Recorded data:
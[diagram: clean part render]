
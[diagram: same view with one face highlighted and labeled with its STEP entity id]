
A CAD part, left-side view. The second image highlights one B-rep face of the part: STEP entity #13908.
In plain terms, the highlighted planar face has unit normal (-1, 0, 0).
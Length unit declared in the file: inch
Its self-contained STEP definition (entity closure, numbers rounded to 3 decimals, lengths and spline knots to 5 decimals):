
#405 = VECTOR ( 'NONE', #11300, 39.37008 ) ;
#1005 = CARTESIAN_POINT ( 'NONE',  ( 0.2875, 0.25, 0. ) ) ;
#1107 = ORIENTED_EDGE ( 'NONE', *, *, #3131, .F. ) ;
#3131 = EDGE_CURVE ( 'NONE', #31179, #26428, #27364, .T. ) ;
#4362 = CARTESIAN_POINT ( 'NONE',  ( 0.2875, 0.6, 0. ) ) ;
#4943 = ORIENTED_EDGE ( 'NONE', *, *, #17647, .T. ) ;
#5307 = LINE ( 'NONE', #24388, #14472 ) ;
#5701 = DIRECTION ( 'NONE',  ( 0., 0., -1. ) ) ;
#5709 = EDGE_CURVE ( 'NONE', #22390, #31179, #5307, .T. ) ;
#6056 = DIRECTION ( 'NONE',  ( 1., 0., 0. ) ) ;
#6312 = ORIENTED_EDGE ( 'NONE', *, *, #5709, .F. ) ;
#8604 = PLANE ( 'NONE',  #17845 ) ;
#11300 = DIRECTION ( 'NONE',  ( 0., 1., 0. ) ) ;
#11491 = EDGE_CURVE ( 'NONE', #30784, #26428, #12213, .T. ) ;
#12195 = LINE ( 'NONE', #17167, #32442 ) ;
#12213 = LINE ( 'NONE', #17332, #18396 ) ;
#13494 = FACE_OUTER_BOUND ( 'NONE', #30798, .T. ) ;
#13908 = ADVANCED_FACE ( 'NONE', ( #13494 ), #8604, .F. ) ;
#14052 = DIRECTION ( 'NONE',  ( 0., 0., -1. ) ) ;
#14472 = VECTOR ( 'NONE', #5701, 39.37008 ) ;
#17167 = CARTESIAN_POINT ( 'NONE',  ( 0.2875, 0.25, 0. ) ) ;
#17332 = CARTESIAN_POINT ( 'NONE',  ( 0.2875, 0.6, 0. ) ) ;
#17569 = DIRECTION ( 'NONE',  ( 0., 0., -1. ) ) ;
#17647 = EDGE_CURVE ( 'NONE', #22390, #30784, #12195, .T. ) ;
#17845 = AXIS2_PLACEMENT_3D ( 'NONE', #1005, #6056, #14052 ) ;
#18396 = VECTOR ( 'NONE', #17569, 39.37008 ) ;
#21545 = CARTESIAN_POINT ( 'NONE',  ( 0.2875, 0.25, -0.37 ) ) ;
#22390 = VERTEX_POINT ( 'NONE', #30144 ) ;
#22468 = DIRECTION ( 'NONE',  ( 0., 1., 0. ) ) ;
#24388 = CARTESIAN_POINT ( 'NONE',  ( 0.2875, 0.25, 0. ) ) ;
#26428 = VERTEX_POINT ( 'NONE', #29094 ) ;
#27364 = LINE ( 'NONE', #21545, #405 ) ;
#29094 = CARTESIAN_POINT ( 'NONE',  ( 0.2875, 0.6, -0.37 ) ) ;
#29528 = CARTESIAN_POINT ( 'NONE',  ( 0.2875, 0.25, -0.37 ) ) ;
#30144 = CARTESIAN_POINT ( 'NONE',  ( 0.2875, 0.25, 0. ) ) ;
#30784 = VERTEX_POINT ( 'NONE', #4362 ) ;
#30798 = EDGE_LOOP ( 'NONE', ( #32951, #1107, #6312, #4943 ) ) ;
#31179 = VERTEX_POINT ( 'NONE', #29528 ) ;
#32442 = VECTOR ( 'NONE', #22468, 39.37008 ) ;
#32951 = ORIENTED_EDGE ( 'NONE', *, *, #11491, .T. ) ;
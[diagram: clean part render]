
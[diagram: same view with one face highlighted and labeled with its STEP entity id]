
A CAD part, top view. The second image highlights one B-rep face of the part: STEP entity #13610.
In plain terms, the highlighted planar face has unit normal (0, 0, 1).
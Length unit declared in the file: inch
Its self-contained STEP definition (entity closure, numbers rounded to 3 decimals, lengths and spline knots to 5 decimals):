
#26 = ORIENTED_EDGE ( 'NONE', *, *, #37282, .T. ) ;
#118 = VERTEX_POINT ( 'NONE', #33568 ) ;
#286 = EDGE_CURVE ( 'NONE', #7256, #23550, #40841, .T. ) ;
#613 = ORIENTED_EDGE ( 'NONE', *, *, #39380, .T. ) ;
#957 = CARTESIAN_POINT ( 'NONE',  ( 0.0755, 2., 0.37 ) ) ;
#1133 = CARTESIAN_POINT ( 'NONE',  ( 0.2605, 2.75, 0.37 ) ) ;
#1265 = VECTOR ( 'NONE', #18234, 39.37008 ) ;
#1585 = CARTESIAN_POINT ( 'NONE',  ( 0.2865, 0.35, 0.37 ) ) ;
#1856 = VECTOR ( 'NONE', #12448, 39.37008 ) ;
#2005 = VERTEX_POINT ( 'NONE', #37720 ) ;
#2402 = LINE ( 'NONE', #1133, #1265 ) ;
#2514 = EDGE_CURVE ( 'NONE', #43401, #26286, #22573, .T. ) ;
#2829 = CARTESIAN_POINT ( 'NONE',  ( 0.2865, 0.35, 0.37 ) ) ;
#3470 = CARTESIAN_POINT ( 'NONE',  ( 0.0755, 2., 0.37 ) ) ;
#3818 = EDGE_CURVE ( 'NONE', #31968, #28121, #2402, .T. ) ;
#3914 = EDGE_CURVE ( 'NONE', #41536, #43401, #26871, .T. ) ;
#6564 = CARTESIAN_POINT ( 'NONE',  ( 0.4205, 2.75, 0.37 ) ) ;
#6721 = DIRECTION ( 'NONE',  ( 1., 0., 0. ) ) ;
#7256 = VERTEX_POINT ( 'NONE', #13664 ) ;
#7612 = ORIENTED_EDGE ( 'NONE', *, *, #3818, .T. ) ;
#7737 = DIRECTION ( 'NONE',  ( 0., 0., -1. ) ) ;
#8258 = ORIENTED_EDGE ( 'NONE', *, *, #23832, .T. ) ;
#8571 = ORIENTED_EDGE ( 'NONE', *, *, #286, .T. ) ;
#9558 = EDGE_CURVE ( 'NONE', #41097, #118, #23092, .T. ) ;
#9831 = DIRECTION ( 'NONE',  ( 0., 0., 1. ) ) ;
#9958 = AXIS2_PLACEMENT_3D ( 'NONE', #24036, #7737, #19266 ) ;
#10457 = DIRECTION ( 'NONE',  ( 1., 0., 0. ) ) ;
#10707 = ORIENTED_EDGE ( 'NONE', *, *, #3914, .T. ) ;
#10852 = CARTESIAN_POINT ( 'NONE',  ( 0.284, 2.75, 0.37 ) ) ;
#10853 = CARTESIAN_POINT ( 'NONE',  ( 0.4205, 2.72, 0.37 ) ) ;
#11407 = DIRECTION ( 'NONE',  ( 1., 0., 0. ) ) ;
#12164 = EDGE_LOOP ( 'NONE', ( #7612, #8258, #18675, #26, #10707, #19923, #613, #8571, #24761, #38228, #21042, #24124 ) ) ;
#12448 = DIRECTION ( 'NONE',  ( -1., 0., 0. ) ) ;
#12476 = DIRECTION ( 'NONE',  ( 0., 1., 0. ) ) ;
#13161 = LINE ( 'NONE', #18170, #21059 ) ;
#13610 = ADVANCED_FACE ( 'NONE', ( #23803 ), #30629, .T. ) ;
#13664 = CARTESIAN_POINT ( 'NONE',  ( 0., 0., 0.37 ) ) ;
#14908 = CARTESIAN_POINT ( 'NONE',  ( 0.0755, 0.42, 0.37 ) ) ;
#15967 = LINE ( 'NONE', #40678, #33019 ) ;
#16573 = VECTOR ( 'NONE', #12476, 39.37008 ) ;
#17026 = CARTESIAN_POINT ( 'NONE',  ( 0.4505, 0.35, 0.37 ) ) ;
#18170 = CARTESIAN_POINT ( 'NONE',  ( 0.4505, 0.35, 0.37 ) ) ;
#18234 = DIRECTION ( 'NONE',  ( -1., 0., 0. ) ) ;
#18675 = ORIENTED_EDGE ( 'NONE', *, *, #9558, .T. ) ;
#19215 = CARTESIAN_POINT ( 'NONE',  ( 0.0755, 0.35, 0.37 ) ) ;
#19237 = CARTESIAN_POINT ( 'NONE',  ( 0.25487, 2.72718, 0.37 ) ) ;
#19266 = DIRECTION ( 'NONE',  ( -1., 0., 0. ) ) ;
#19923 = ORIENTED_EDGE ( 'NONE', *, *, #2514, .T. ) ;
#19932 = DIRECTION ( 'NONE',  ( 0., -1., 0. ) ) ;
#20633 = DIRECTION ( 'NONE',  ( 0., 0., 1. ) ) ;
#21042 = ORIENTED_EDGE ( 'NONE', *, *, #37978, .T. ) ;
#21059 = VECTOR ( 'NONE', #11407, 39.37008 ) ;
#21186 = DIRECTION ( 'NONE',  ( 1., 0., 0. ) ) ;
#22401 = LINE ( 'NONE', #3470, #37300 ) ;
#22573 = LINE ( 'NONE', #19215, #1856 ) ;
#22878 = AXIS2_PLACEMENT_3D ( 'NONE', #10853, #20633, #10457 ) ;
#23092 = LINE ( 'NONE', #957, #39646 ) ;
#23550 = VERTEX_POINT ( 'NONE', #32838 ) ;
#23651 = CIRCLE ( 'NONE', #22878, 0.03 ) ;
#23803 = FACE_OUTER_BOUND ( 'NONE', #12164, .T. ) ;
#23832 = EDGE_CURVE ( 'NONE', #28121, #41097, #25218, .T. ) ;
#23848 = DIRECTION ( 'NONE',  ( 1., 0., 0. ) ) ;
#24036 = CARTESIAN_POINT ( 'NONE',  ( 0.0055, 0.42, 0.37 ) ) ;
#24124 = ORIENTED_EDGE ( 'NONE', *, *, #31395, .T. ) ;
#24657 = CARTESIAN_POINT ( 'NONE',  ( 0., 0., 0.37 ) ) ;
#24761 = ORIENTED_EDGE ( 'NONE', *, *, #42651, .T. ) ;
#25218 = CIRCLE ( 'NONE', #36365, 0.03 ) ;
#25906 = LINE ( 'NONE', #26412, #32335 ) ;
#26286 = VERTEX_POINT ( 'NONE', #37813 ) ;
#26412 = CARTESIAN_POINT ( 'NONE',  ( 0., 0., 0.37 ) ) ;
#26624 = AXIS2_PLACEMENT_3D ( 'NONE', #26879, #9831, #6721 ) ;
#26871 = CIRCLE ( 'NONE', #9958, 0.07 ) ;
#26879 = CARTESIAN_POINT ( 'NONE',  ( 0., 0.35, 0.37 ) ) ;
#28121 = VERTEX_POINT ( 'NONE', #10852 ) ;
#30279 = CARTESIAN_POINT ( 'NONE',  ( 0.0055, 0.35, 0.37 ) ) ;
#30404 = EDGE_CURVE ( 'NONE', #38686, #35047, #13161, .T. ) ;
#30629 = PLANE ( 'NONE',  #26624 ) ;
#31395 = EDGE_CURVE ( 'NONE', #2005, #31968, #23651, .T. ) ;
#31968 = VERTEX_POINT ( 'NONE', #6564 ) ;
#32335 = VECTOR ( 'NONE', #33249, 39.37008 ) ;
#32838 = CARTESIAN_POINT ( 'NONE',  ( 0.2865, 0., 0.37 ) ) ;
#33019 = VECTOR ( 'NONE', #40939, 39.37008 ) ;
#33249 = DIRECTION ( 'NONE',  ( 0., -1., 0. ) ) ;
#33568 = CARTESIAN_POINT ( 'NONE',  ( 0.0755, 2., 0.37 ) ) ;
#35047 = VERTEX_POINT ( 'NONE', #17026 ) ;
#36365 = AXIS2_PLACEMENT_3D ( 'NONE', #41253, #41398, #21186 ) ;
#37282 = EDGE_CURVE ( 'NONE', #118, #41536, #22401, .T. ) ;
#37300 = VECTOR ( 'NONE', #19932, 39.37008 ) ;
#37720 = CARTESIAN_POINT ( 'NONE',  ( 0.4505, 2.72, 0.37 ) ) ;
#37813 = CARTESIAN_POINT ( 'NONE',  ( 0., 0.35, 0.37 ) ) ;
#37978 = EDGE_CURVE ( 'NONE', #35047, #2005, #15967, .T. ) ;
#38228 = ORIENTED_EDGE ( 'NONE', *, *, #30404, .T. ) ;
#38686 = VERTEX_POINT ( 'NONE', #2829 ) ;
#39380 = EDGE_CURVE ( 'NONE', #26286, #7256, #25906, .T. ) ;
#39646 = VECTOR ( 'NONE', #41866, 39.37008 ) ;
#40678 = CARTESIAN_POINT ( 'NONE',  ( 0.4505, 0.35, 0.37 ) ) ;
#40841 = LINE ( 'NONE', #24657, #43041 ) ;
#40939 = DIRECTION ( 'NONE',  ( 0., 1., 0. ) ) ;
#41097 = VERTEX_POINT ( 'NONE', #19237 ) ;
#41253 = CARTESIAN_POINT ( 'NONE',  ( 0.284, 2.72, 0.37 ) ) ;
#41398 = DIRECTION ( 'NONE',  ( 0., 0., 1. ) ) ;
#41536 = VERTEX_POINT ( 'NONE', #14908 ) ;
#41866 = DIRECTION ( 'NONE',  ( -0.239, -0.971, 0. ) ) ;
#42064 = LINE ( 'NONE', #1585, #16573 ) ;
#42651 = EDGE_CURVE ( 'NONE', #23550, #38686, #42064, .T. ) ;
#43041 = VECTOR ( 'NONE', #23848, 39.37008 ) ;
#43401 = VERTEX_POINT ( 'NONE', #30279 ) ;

WHAT IS EXPECTED -> Set down again, word for word, the stretch of records from the line with "#17569 = DIRECTION" to the line with "#2829 = CARTESIAN_POINT", both of those lines included.

EXERCISE OUTPUT ->
#17569 = DIRECTION ( 'NONE',  ( 0., 0., -1. ) ) ;
#17647 = EDGE_CURVE ( 'NONE', #22390, #30784, #12195, .T. ) ;
#17845 = AXIS2_PLACEMENT_3D ( 'NONE', #1005, #6056, #14052 ) ;
#18396 = VECTOR ( 'NONE', #17569, 39.37008 ) ;
#21545 = CARTESIAN_POINT ( 'NONE',  ( 0.2875, 0.25, -0.37 ) ) ;
#22390 = VERTEX_POINT ( 'NONE', #30144 ) ;
#22468 = DIRECTION ( 'NONE',  ( 0., 1., 0. ) ) ;
#24388 = CARTESIAN_POINT ( 'NONE',  ( 0.2875, 0.25, 0. ) ) ;
#26428 = VERTEX_POINT ( 'NONE', #29094 ) ;
#27364 = LINE ( 'NONE', #21545, #405 ) ;
#29094 = CARTESIAN_POINT ( 'NONE',  ( 0.2875, 0.6, -0.37 ) ) ;
#29528 = CARTESIAN_POINT ( 'NONE',  ( 0.2875, 0.25, -0.37 ) ) ;
#30144 = CARTESIAN_POINT ( 'NONE',  ( 0.2875, 0.25, 0. ) ) ;
#30784 = VERTEX_POINT ( 'NONE', #4362 ) ;
#30798 = EDGE_LOOP ( 'NONE', ( #32951, #1107, #6312, #4943 ) ) ;
#31179 = VERTEX_POINT ( 'NONE', #29528 ) ;
#32442 = VECTOR ( 'NONE', #22468, 39.37008 ) ;
#32951 = ORIENTED_EDGE ( 'NONE', *, *, #11491, .T. ) ;
[diagram: clean part render]
[diagram: same view with one face highlighted and labeled with its STEP entity id]
A CAD part, top view. The second image highlights one B-rep face of the part: STEP entity #13610.
In plain terms, the highlighted planar face has unit normal (0, 0, 1).
Length unit declared in the file: inch
Its self-contained STEP definition (entity closure, numbers rounded to 3 decimals, lengths and spline knots to 5 decimals):
#26 = ORIENTED_EDGE ( 'NONE', *, *, #37282, .T. ) ;
#118 = VERTEX_POINT ( 'NONE', #33568 ) ;
#286 = EDGE_CURVE ( 'NONE', #7256, #23550, #40841, .T. ) ;
#613 = ORIENTED_EDGE ( 'NONE', *, *, #39380, .T. ) ;
#957 = CARTESIAN_POINT ( 'NONE',  ( 0.0755, 2., 0.37 ) ) ;
#1133 = CARTESIAN_POINT ( 'NONE',  ( 0.2605, 2.75, 0.37 ) ) ;
#1265 = VECTOR ( 'NONE', #18234, 39.37008 ) ;
#1585 = CARTESIAN_POINT ( 'NONE',  ( 0.2865, 0.35, 0.37 ) ) ;
#1856 = VECTOR ( 'NONE', #12448, 39.37008 ) ;
#2005 = VERTEX_POINT ( 'NONE', #37720 ) ;
#2402 = LINE ( 'NONE', #1133, #1265 ) ;
#2514 = EDGE_CURVE ( 'NONE', #43401, #26286, #22573, .T. ) ;
#2829 = CARTESIAN_POINT ( 'NONE',  ( 0.2865, 0.35, 0.37 ) ) ;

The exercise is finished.